« Qui sont les promoteurs du roman national ? Quels sont les mythes qui, hier et aujourd’hui encore, le soutiennent et structurent les représentations et les pratiques des élites dirigeantes, et celles de nombreux clercs devenus des scribes consciencieux ? »
1870. Les troupes de Napoléon III sont défaites par les armées prussiennes ; la France perd l’Alsace et la Lorraine. 1871. Les « Rouges » triomphent à Paris. Au terme d’une nouvelle guerre civile, la Commune est écrasée. Autant d’événements dramatiques pensés par les contemporains comme des preuves de décadence. Pour arracher le pays à cette situation, il est indispensable de refaire le corps social, politique et symbolique de la nation.

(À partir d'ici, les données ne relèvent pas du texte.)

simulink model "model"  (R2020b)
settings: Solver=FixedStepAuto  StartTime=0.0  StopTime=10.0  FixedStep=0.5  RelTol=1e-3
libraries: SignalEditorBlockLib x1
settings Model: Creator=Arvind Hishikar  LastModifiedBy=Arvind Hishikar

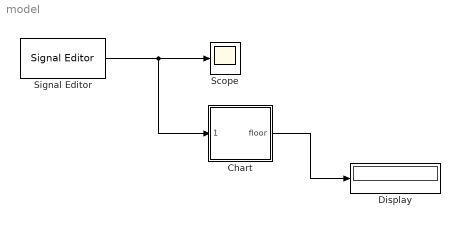
== system model ==
  Chart : Stateflow chart  TreatAsAtomicUnit=on
  Display : Display
  Scope : Scope
  Signal Editor : SignalEditorBlockLib/Signal Editor  FileName=test.mat  ActiveScenario=Scenario  ActiveSignal=lif  IsBus=off  OutputBusObjectStr=Bus: BusObject  SampleTime=0  Interpolate=off  ZeroCross=off  OutputAfterFinalValue=Setting to zero  Unit=inherit  PreserveSignalName=on
  wires:
  Signal Editor/1 -> Scope/1, Chart/1(lif_data)
  Chart/1(floor) -> Display/1

== stateflow chart model/Chart ==
  state disp_floor_number
    state down
    state idle
    state up
      exit:
      floor=floor_count;
    (default) -> idle
    down -> idle : [lif_data==0]
    idle -> up [order 1] : [lif_data==1]{floor_count=floor_count+1}
    idle -> down [order 2] : [lif_data==-1]{floor_count=floor_count-1}
    up -> idle : [lif_data==0]
  (default) -> disp_floor_number
  data: lif_data input; floor output; floor_count local =0

Les élites dirigeantes et universitaires de la Troisième République s’attèlent donc à la fabrication d’un extraordinaire roman national-républicain fondé, entre autres, sur l’invention de deux mythologies : l’« universalisme » et l’« exception » française. De là, aussi, la construction d’un puissant État éducateur et moralisateur, notamment voué à la domestication des classes « dangereuses ». Olivier Le Cour Grandmaison revient ici sur la genèse de ces mythologies, leurs reprises successives et leur fonction politique, hier et aujourd’hui, où des politiques, des historien·nes, des philosophes et des essayistes continuent d’exalter cette France fantasmée pour mieux occulter nombre de maux réels.